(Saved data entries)
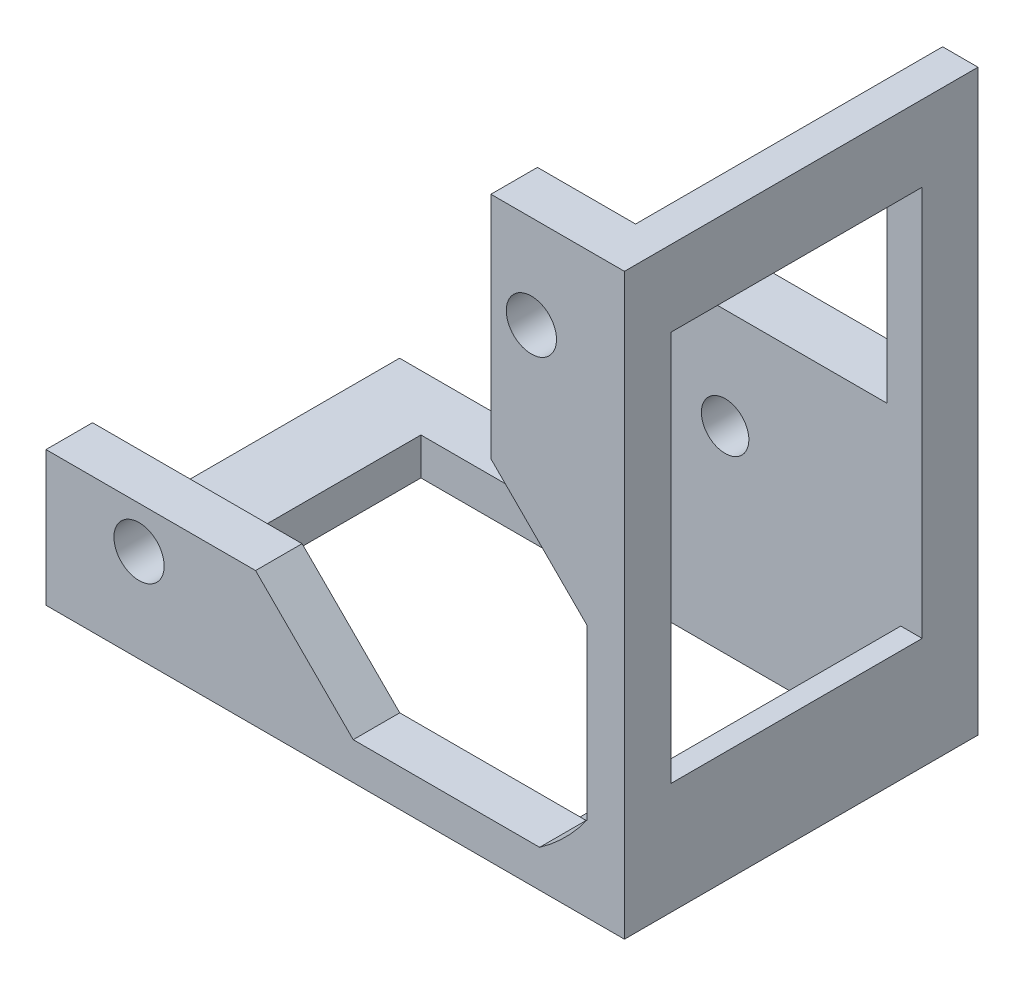
ISO-10303-21;
HEADER;
FILE_DESCRIPTION(('STEP AP214'),'2;1');
FILE_NAME('part.step','',(''),(''),'','','');
FILE_SCHEMA(('AUTOMOTIVE_DESIGN { 1 0 10303 214 1 1 1 1 }'));
ENDSEC;
DATA;
#1=APPLICATION_CONTEXT('core data for automotive mechanical design processes');
#2=APPLICATION_PROTOCOL_DEFINITION('international standard','automotive_design',2000,#1);
#3=PRODUCT_CONTEXT('',#1,'mechanical');
#4=PRODUCT('Part','Part','',(#3));
#5=PRODUCT_RELATED_PRODUCT_CATEGORY('part','',(#4));
#6=PRODUCT_DEFINITION_FORMATION('','',#4);
#7=PRODUCT_DEFINITION_CONTEXT('part definition',#1,'design');
#8=PRODUCT_DEFINITION('design','',#6,#7);
#9=PRODUCT_DEFINITION_SHAPE('','',#8);
#10=(LENGTH_UNIT() NAMED_UNIT(*) SI_UNIT(.MILLI.,.METRE.));
#11=(NAMED_UNIT(*) PLANE_ANGLE_UNIT() SI_UNIT($,.RADIAN.));
#12=(NAMED_UNIT(*) SI_UNIT($,.STERADIAN.) SOLID_ANGLE_UNIT());
#13=UNCERTAINTY_MEASURE_WITH_UNIT(LENGTH_MEASURE(1.E-05),#10,'distance_accuracy_value','');
#14=(GEOMETRIC_REPRESENTATION_CONTEXT(3) GLOBAL_UNCERTAINTY_ASSIGNED_CONTEXT((#13)) GLOBAL_UNIT_ASSIGNED_CONTEXT((#10,
#11,#12)) REPRESENTATION_CONTEXT('',''));
#15=CARTESIAN_POINT('',(0.,0.,0.));
#16=DIRECTION('',(0.,0.,1.));
#17=DIRECTION('',(1.,0.,0.));
#18=AXIS2_PLACEMENT_3D('',#15,#16,#17);
#19=CARTESIAN_POINT('',(117.830929329769,-164.974596583901,-421.));
#20=DIRECTION('',(0.,0.,-1.));
#21=DIRECTION('',(0.,1.,0.));
#22=AXIS2_PLACEMENT_3D('',#19,#20,#21);
#23=CYLINDRICAL_SURFACE('',#22,2.7);
#24=CARTESIAN_POINT('',(117.830929329769,-164.974596583901,-421.));
#25=DIRECTION('',(0.,0.,-1.));
#26=DIRECTION('',(0.,1.,0.));
#27=AXIS2_PLACEMENT_3D('',#24,#25,#26);
#28=CIRCLE('',#27,2.7);
#29=CARTESIAN_POINT('',(117.830929329769,-167.674596583901,-421.));
#30=VERTEX_POINT('',#29);
#31=EDGE_CURVE('E387',#30,#30,#28,.T.);
#32=ORIENTED_EDGE('',*,*,#31,.T.);
#33=DIRECTION('',(0.,0.,1.));
#34=VECTOR('',#33,1.);
#35=CARTESIAN_POINT('',(117.830929329769,-167.674596583901,-421.));
#36=LINE('',#35,#34);
#37=CARTESIAN_POINT('',(117.830929329769,-167.674596583901,-416.));
#38=VERTEX_POINT('',#37);
#39=EDGE_CURVE('E11',#30,#38,#36,.T.);
#40=ORIENTED_EDGE('',*,*,#39,.T.);
#41=CARTESIAN_POINT('',(117.830929329769,-164.974596583901,-416.));
#42=DIRECTION('',(0.,0.,1.));
#43=DIRECTION('',(0.,1.,0.));
#44=AXIS2_PLACEMENT_3D('',#41,#42,#43);
#45=CIRCLE('',#44,2.7);
#46=EDGE_CURVE('E343',#38,#38,#45,.T.);
#47=ORIENTED_EDGE('',*,*,#46,.T.);
#48=ORIENTED_EDGE('',*,*,#39,.F.);
#49=EDGE_LOOP('',(#32,#40,#47,#48));
#50=FACE_BOUND('',#49,.T.);
#51=ADVANCED_FACE('F16',(#50),#23,.F.);
#52=CARTESIAN_POINT('',(159.999969673495,-122.805556240176,-421.));
#53=DIRECTION('',(0.,0.,-1.));
#54=DIRECTION('',(0.,1.,0.));
#55=AXIS2_PLACEMENT_3D('',#52,#53,#54);
#56=CYLINDRICAL_SURFACE('',#55,2.7);
#57=CARTESIAN_POINT('',(159.999969673495,-122.805556240176,-421.));
#58=DIRECTION('',(0.,0.,-1.));
#59=DIRECTION('',(0.,1.,0.));
#60=AXIS2_PLACEMENT_3D('',#57,#58,#59);
#61=CIRCLE('',#60,2.7);
#62=CARTESIAN_POINT('',(159.999969673495,-125.505556240176,-421.));
#63=VERTEX_POINT('',#62);
#64=EDGE_CURVE('E451',#63,#63,#61,.T.);
#65=ORIENTED_EDGE('',*,*,#64,.T.);
#66=DIRECTION('',(0.,0.,1.));
#67=VECTOR('',#66,1.);
#68=CARTESIAN_POINT('',(159.999969673495,-125.505556240176,-421.));
#69=LINE('',#68,#67);
#70=CARTESIAN_POINT('',(159.999969673495,-125.505556240176,-416.));
#71=VERTEX_POINT('',#70);
#72=EDGE_CURVE('E27',#63,#71,#69,.T.);
#73=ORIENTED_EDGE('',*,*,#72,.T.);
#74=CARTESIAN_POINT('',(159.999969673495,-122.805556240176,-416.));
#75=DIRECTION('',(0.,0.,1.));
#76=DIRECTION('',(0.,1.,0.));
#77=AXIS2_PLACEMENT_3D('',#74,#75,#76);
#78=CIRCLE('',#77,2.7);
#79=EDGE_CURVE('E347',#71,#71,#78,.T.);
#80=ORIENTED_EDGE('',*,*,#79,.T.);
#81=ORIENTED_EDGE('',*,*,#72,.F.);
#82=EDGE_LOOP('',(#65,#73,#80,#81));
#83=FACE_BOUND('',#82,.T.);
#84=ADVANCED_FACE('F840',(#83),#56,.F.);
#85=CARTESIAN_POINT('',(143.062672238361,-138.974597314058,-421.));
#86=DIRECTION('',(0.,0.,1.));
#87=DIRECTION('',(1.,0.,0.));
#88=AXIS2_PLACEMENT_3D('',#85,#86,#87);
#89=PLANE('',#88);
#90=ORIENTED_EDGE('',*,*,#31,.F.);
#91=EDGE_LOOP('',(#90));
#92=FACE_BOUND('',#91,.T.);
#93=DIRECTION('',(1.,0.,0.));
#94=VECTOR('',#93,1.);
#95=CARTESIAN_POINT('',(135.711309430854,-160.478931824688,-421.));
#96=LINE('',#95,#94);
#97=CARTESIAN_POINT('',(107.830929329769,-160.478931824688,-421.));
#98=VERTEX_POINT('',#97);
#99=CARTESIAN_POINT('',(130.354281864133,-160.478931824688,-421.));
#100=VERTEX_POINT('',#99);
#101=EDGE_CURVE('E379',#98,#100,#96,.T.);
#102=ORIENTED_EDGE('',*,*,#101,.T.);
#103=DIRECTION('',(-0.707106781186547,0.707106781186548,0.));
#104=VECTOR('',#103,1.);
#105=CARTESIAN_POINT('',(130.280628209639,-160.405278170194,-421.));
#106=LINE('',#105,#104);
#107=CARTESIAN_POINT('',(140.849946623346,-170.974596583901,-421.));
#108=VERTEX_POINT('',#107);
#109=EDGE_CURVE('E359',#108,#100,#106,.T.);
#110=ORIENTED_EDGE('',*,*,#109,.F.);
#111=DIRECTION('',(1.,0.,0.));
#112=VECTOR('',#111,1.);
#113=CARTESIAN_POINT('',(107.830929329769,-170.974596583901,-421.));
#114=LINE('',#113,#112);
#115=CARTESIAN_POINT('',(160.88392236837,-170.974596583901,-421.));
#116=VERTEX_POINT('',#115);
#117=EDGE_CURVE('E334',#108,#116,#114,.T.);
#118=ORIENTED_EDGE('',*,*,#117,.T.);
#119=CARTESIAN_POINT('',(148.821478068075,-153.796104978481,-421.));
#120=DIRECTION('',(0.,0.,1.));
#121=DIRECTION('',(0.,1.,0.));
#122=AXIS2_PLACEMENT_3D('',#119,#120,#121);
#123=CIRCLE('',#122,20.9905487383057);
#124=CARTESIAN_POINT('',(159.125375443977,-172.083609871223,-421.000004917383));
#125=VERTEX_POINT('',#124);
#126=EDGE_CURVE('E314',#125,#116,#123,.T.);
#127=ORIENTED_EDGE('',*,*,#126,.F.);
#128=DIRECTION('',(0.,1.,0.));
#129=VECTOR('',#128,1.);
#130=CARTESIAN_POINT('',(159.125375443977,-174.974596583901,-421.000004917383));
#131=LINE('',#130,#129);
#132=CARTESIAN_POINT('',(159.125375443977,-174.974596583901,-421.000004917383));
#133=VERTEX_POINT('',#132);
#134=EDGE_CURVE('E404',#133,#125,#131,.T.);
#135=ORIENTED_EDGE('',*,*,#134,.F.);
#136=DIRECTION('',(1.,0.,0.));
#137=VECTOR('',#136,1.);
#138=CARTESIAN_POINT('',(116.125374803227,-174.974596583901,-421.000004917383));
#139=LINE('',#138,#137);
#140=CARTESIAN_POINT('',(116.125374803227,-174.974596583901,-421.000004917383));
#141=VERTEX_POINT('',#140);
#142=EDGE_CURVE('E416',#141,#133,#139,.T.);
#143=ORIENTED_EDGE('',*,*,#142,.F.);
#144=DIRECTION('',(0.,-1.,0.));
#145=VECTOR('',#144,1.);
#146=CARTESIAN_POINT('',(116.125374803227,-174.974596583901,-421.000004917383));
#147=LINE('',#146,#145);
#148=CARTESIAN_POINT('',(116.125374803227,-170.974596583901,-421.000004917383));
#149=VERTEX_POINT('',#148);
#150=EDGE_CURVE('E400',#149,#141,#147,.T.);
#151=ORIENTED_EDGE('',*,*,#150,.F.);
#152=DIRECTION('',(-1.,0.,0.));
#153=VECTOR('',#152,1.);
#154=CARTESIAN_POINT('',(125.446800784065,-170.974596583901,-421.));
#155=LINE('',#154,#153);
#156=CARTESIAN_POINT('',(107.830929329769,-170.974596583901,-421.));
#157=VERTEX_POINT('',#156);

## WHAT THE TASK ASKS
When you transcribe the entries above, begin at their first line, end with the line containing "#3=PRODUCT_CONTEXT('',#1,'mechanical');", and copy each line exactly without any picture.

## EXERCISE SOLUTION
ISO-10303-21;
HEADER;
FILE_DESCRIPTION(('STEP AP214'),'2;1');
FILE_NAME('part.step','',(''),(''),'','','');
FILE_SCHEMA(('AUTOMOTIVE_DESIGN { 1 0 10303 214 1 1 1 1 }'));
ENDSEC;
DATA;
#1=APPLICATION_CONTEXT('core data for automotive mechanical design processes');
#2=APPLICATION_PROTOCOL_DEFINITION('international standard','automotive_design',2000,#1);
#3=PRODUCT_CONTEXT('',#1,'mechanical');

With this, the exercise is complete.